Reputation: 9828
I need to join multiple tables. The command that I am using is as follows:
G = JOIN aa BY f, bb by f, cc by f, dd by f;
To make it a full outer join, I added a FULL
to make it:
G = JOIN aa BY f FULL, bb by f, cc by f, dd by f;
But it gives me a mismatched input
error message. How should I make this work?
Thanks!
Upvotes: 2
Views: 10360
Reputation: 935
You can use COGROUP statement to imitate full outer join.
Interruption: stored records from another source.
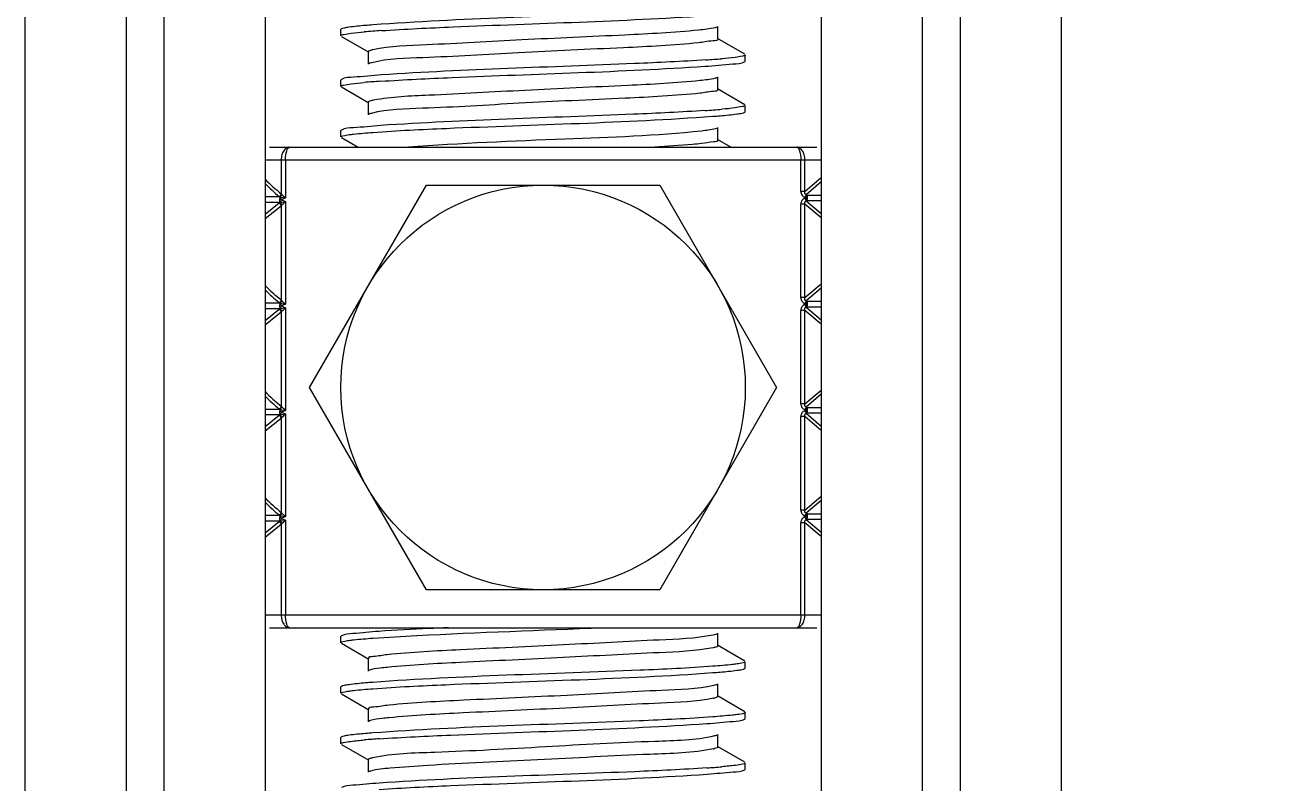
# Model space of a CAD drawing. Extents: x 1382187 to 1725648, y 860327 to 1571294.
# Drawn here: x 1512743 to 1513330, y 1211418 to 1211775 of the extents above; entities that cross this region are included whole.
import ezdxf

# ---------------------------------------------------------------- set-up
doc = ezdxf.new("R2010")
doc.units = 0
doc.header["$LTSCALE"] = 1000
doc.header["$MEASUREMENT"] = 0
doc.styles.get("Standard").update_dxf_attribs({"font": 'gbenor.shx', "bigfont": 'gbcbig.shx'})
doc.dimstyles.get("Standard").update_dxf_attribs({"dimtxt": 0.18, "dimasz": 0.18, "dimexe": 0.18, "dimexo": 0.0625, "dimgap": 0.09, "dimtad": 0, "dimtih": 1, "dimtoh": 1, "dimdec": 4, "dimzin": 0, "dimdsep": 46, "dimtxsty": 'Standard', "dimcen": 0.09, "dimadec": 0, "dimazin": 0, "dimtfac": 1, "dimtdec": 4, "dimtofl": 0, "dimtmove": 0, "dimatfit": 3, "dimfxl": 0, "dimtolj": 1, "dimtzin": 0, "dimarcsym": 0})

msp = doc.modelspace()

# ---------------------------------------------------------------- linework, layer by layer
at = {"linetype": 'Continuous'}
for p, q in [((1512743.1, 1215988.29), (1512743.1, 1211247.26)), ((1512790.73, 1215988.29), (1512790.73, 1211247.26)), ((1512808.59, 1215988.29), (1512808.59, 1211247.26)), ((1512856.21, 1215988.29), (1512856.21, 1211247.26)), ((1513118.15, 1215988.29), (1513118.15, 1211247.26)), ((1513165.78, 1215988.29), (1513165.78, 1211247.26)), ((1513183.64, 1215988.29), (1513183.64, 1211247.26)), ((1513231.26, 1215988.29), (1513231.26, 1211247.26)), ((1512892.16, 1211773.25), (1512891.93, 1211772.99)), ((1512891.93, 1211770.01), (1512891.93, 1211772.99)), ((1512891.93, 1211770.01), (1512891.93, 1211772.99)), ((1513069.55, 1211768.52), (1513069.55, 1211774.47)), ((1512892.16, 1211769.75), (1512905.08, 1211762.27)), ((1513082.21, 1211761.34), (1513069.28, 1211768.82)), ((1512904.82, 1211762.57), (1512904.82, 1211756.61)), ((1513082.21, 1211757.84), (1513082.43, 1211758.1)), ((1513082.43, 1211758.1), (1513082.43, 1211761.08)), ((1513082.43, 1211758.1), (1513082.43, 1211761.08)), ((1513069.55, 1211744.71), (1513069.55, 1211750.66)), ((1512892.16, 1211749.43), (1512891.93, 1211749.17)), ((1512891.93, 1211746.2), (1512891.93, 1211749.17)), ((1512891.93, 1211746.2), (1512891.93, 1211749.17)), ((1512892.16, 1211745.94), (1512905.08, 1211738.45)), ((1513082.21, 1211737.53), (1513069.28, 1211745.01)), ((1512904.82, 1211738.75), (1512904.82, 1211732.8)), ((1513082.21, 1211734.03), (1513082.43, 1211734.29)), ((1513082.43, 1211734.29), (1513082.43, 1211737.27)), ((1513082.43, 1211734.29), (1513082.43, 1211737.27)), ((1513069.55, 1211720.89), (1513069.55, 1211726.85)), ((1512892.16, 1211725.62), (1512891.93, 1211725.36)), ((1512891.93, 1211722.38), (1512891.93, 1211725.36)), ((1512891.93, 1211722.38), (1512891.93, 1211725.36)), ((1512892.16, 1211722.12), (1512900.03, 1211717.56)), ((1513075.56, 1211717.56), (1513069.28, 1211721.2)), ((1512858.3, 1211717.56), (1513116.07, 1211717.56)), ((1512856.21, 1211711.61), (1513118.15, 1211711.61)), ((1512863.84, 1211711.61), (1512863.84, 1211695.61)), ((1512865.82, 1211711.61), (1512865.82, 1211693.65)), ((1513108.54, 1211696.77), (1513108.54, 1211711.61)), ((1513110.53, 1211696.77), (1513110.53, 1211711.61)), ((1513110.53, 1211696.77), (1513118.15, 1211703.24)), ((1512877.2, 1211604.45), (1512932.19, 1211699.7)), ((1512932.19, 1211699.7), (1513042.18, 1211699.7)), ((1513042.18, 1211699.7), (1513097.17, 1211604.45)), ((1513110.53, 1211696.77), (1513108.54, 1211696.77)), ((1513118.15, 1211701.22), (1513111.08, 1211695.21)), ((1512863.21, 1211694.12), (1512856.21, 1211694.12)), ((1512863.17, 1211691.51), (1512856.21, 1211691.53)), ((1512856.21, 1211686.03), (1512862.92, 1211691.34)), ((1512863.17, 1211691.51), (1512863.33, 1211691.54)), ((1512863.33, 1211694.09), (1512863.21, 1211694.12)), ((1512863.33, 1211691.54), (1512863.37, 1211691.57)), ((1512863.37, 1211694.07), (1512865.82, 1211693.65)), ((1512863.92, 1211692.82), (1512863.37, 1211691.57)), ((1512863.37, 1211691.57), (1512865.82, 1211691.99)), ((1512864, 1211695.42), (1512863.84, 1211695.61)), ((1512865.82, 1211693.65), (1512863.92, 1211692.82)), ((1512863.92, 1211692.82), (1512865.82, 1211691.99)), ((1512864.08, 1211695.35), (1512864, 1211695.42)), ((1512865.82, 1211691.99), (1512865.82, 1211643.64)), ((1513111.08, 1211695.21), (1513110.48, 1211693.95)), ((1513110.9, 1211693.75), (1513110.48, 1211693.95)), ((1513110.48, 1211693.56), (1513110.9, 1211693.75)), ((1513111.08, 1211692.29), (1513110.48, 1211693.56)), ((1513110.9, 1211693.75), (1513111.49, 1211695.02)), ((1513110.9, 1211693.75), (1513111.49, 1211692.49)), ((1513111.49, 1211695.02), (1513111.08, 1211695.21)), ((1513111.08, 1211692.29), (1513111.49, 1211692.49)), ((1513111.08, 1211692.29), (1513118.15, 1211686.28)), ((1513111.49, 1211695.02), (1513118.15, 1211695.02)), ((1513111.49, 1211692.49), (1513118.15, 1211692.49)), ((1512856.21, 1211684), (1512863.84, 1211690.03)), ((1512863.84, 1211690.03), (1512863.98, 1211690.2)), ((1512863.84, 1211690.03), (1512863.84, 1211645.6)), ((1512863.98, 1211690.2), (1512864.06, 1211690.27)), ((1512864.06, 1211690.27), (1512864.11, 1211690.31)), ((1513110.53, 1211690.74), (1513108.54, 1211690.74)), ((1513108.54, 1211646.76), (1513108.54, 1211690.74)), ((1513118.15, 1211684.26), (1513110.53, 1211690.74)), ((1513110.53, 1211646.76), (1513110.53, 1211690.74)), ((1513110.53, 1211646.76), (1513118.15, 1211653.23)), ((1513118.15, 1211651.22), (1513111.08, 1211645.21)), ((1512863.21, 1211644.11), (1512856.21, 1211644.11)), ((1512863.33, 1211644.08), (1512863.21, 1211644.11)), ((1512863.37, 1211644.07), (1512865.82, 1211643.64)), ((1512864, 1211645.41), (1512863.84, 1211645.6)), ((1512864.08, 1211645.34), (1512864, 1211645.41)), ((1513110.53, 1211646.76), (1513108.54, 1211646.76)), ((1513111.08, 1211645.21), (1513110.48, 1211643.94)), ((1513110.9, 1211643.75), (1513110.48, 1211643.94)), ((1513110.9, 1211643.75), (1513111.49, 1211645.01)), ((1513111.49, 1211645.01), (1513111.08, 1211645.21)), ((1513111.49, 1211645.01), (1513118.15, 1211645.01)), ((1512863.17, 1211641.5), (1512856.21, 1211641.52)), ((1512856.21, 1211636.03), (1512862.92, 1211641.34)), ((1512856.21, 1211633.99), (1512863.84, 1211640.02)), ((1512863.17, 1211641.5), (1512863.33, 1211641.54)), ((1512863.33, 1211641.54), (1512863.37, 1211641.56)), ((1512863.92, 1211642.81), (1512863.37, 1211641.56)), ((1512863.37, 1211641.56), (1512865.82, 1211641.98)), ((1512863.84, 1211640.02), (1512863.98, 1211640.19)), ((1512863.84, 1211640.02), (1512863.84, 1211595.6)), ((1512865.82, 1211643.64), (1512863.92, 1211642.81)), ((1512863.92, 1211642.81), (1512865.82, 1211641.98)), ((1512863.98, 1211640.19), (1512864.06, 1211640.26)), ((1512864.06, 1211640.26), (1512864.11, 1211640.31)), ((1512865.82, 1211641.98), (1512865.82, 1211593.64)), ((1513110.53, 1211640.73), (1513108.54, 1211640.73)), ((1513108.54, 1211596.75), (1513108.54, 1211640.73)), ((1513110.48, 1211643.55), (1513110.9, 1211643.75)), ((1513111.08, 1211642.29), (1513110.48, 1211643.55)), ((1513118.15, 1211634.25), (1513110.53, 1211640.73)), ((1513110.53, 1211596.75), (1513110.53, 1211640.73)), ((1513110.9, 1211643.75), (1513111.49, 1211642.48)), ((1513111.08, 1211642.29), (1513111.49, 1211642.48)), ((1513111.08, 1211642.29), (1513118.15, 1211636.27)), ((1513111.49, 1211642.48), (1513118.15, 1211642.48)), ((1512932.19, 1211509.2), (1512877.2, 1211604.45)), ((1513097.17, 1211604.45), (1513042.18, 1211509.2)), ((1513110.53, 1211596.75), (1513118.15, 1211603.23)), ((1513118.15, 1211601.21), (1513111.08, 1211595.2)), ((1512863.21, 1211594.1), (1512856.21, 1211594.11)), ((1512863.17, 1211591.49), (1512856.21, 1211591.51)), ((1512856.21, 1211586.02), (1512862.92, 1211591.33)), ((1512863.17, 1211591.49), (1512863.33, 1211591.53)), ((1512863.33, 1211594.08), (1512863.21, 1211594.1)), ((1512863.33, 1211591.53), (1512863.37, 1211591.55)), ((1512863.37, 1211594.06), (1512865.82, 1211593.64)), ((1512863.92, 1211592.8), (1512863.37, 1211591.55)), ((1512863.37, 1211591.55), (1512865.82, 1211591.98)), ((1512864, 1211595.4), (1512863.84, 1211595.6)), ((1512865.82, 1211593.64), (1512863.92, 1211592.8)), ((1512863.92, 1211592.8), (1512865.82, 1211591.98)), ((1512864.08, 1211595.34), (1512864, 1211595.4)), ((1512865.82, 1211591.98), (1512865.82, 1211543.63)), ((1513110.53, 1211596.75), (1513108.54, 1211596.75)), ((1513111.08, 1211595.2), (1513110.48, 1211593.94)), ((1513110.9, 1211593.74), (1513110.48, 1211593.94)), ((1513110.48, 1211593.54), (1513110.9, 1211593.74)), ((1513111.08, 1211592.28), (1513110.48, 1211593.54)), ((1513110.9, 1211593.74), (1513111.49, 1211595)), ((1513110.9, 1211593.74), (1513111.49, 1211592.48)), ((1513111.49, 1211595), (1513111.08, 1211595.2)), ((1513111.08, 1211592.28), (1513111.49, 1211592.48)), ((1513111.08, 1211592.28), (1513118.15, 1211586.27)), ((1513111.49, 1211595), (1513118.15, 1211595)), ((1513111.49, 1211592.48), (1513118.15, 1211592.48)), ((1512856.21, 1211583.99), (1512863.84, 1211590.02)), ((1512863.84, 1211590.02), (1512863.98, 1211590.18)), ((1512863.84, 1211590.02), (1512863.84, 1211545.59)), ((1512863.98, 1211590.18), (1512864.06, 1211590.26)), ((1512864.06, 1211590.26), (1512864.11, 1211590.3)), ((1513110.53, 1211590.73), (1513108.54, 1211590.73)), ((1513108.54, 1211546.74), (1513108.54, 1211590.73)), ((1513118.15, 1211584.25), (1513110.53, 1211590.73)), ((1513110.53, 1211546.74), (1513110.53, 1211590.73)), ((1513110.53, 1211546.74), (1513118.15, 1211553.22)), ((1513118.15, 1211551.2), (1513111.08, 1211545.19)), ((1512864, 1211545.4), (1512863.84, 1211545.59)), ((1512864.08, 1211545.33), (1512864, 1211545.4)), ((1513110.53, 1211546.74), (1513108.54, 1211546.74)), ((1513111.08, 1211545.19), (1513110.48, 1211543.93)), ((1513110.9, 1211543.73), (1513111.49, 1211545)), ((1513111.49, 1211545), (1513111.08, 1211545.19)), ((1513111.49, 1211545), (1513118.15, 1211545)), ((1512863.21, 1211544.1), (1512856.21, 1211544.1)), ((1512863.17, 1211541.49), (1512856.21, 1211541.51)), ((1512856.21, 1211536.01), (1512862.92, 1211541.32)), ((1512856.21, 1211533.98), (1512863.84, 1211540.01)), ((1512863.17, 1211541.49), (1512863.33, 1211541.52)), ((1512863.33, 1211544.07), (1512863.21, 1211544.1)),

For example cogroup on using following two files
Decimal.csv
first|1
second|2
fourth|4
Roman.csv
first|I
second|II
third|III
Pig commands:
english = LOAD 'Decimal.csv' using PigStorage('|') as (name:chararray,value:chararray);
roman = LOAD 'Roman.csv' using PigStorage('|') as (name:chararray, value:chararray);
multi = cogroup english by name, roman by name;
dump multi
Output:
(first,{(first,1)},{(first,I)})
(third,{},{(third,III)})
(fourth,{(fourth,4)},{})
(second,{(second,2)},{(second,II)})
Upvotes: 1
Reputation: 10650
According to the Pig documentation :
Outer joins will only work for two-way joins; to perform a multi-way outer join, you will need to perform multiple two-way outer join statements.
Upvotes: 7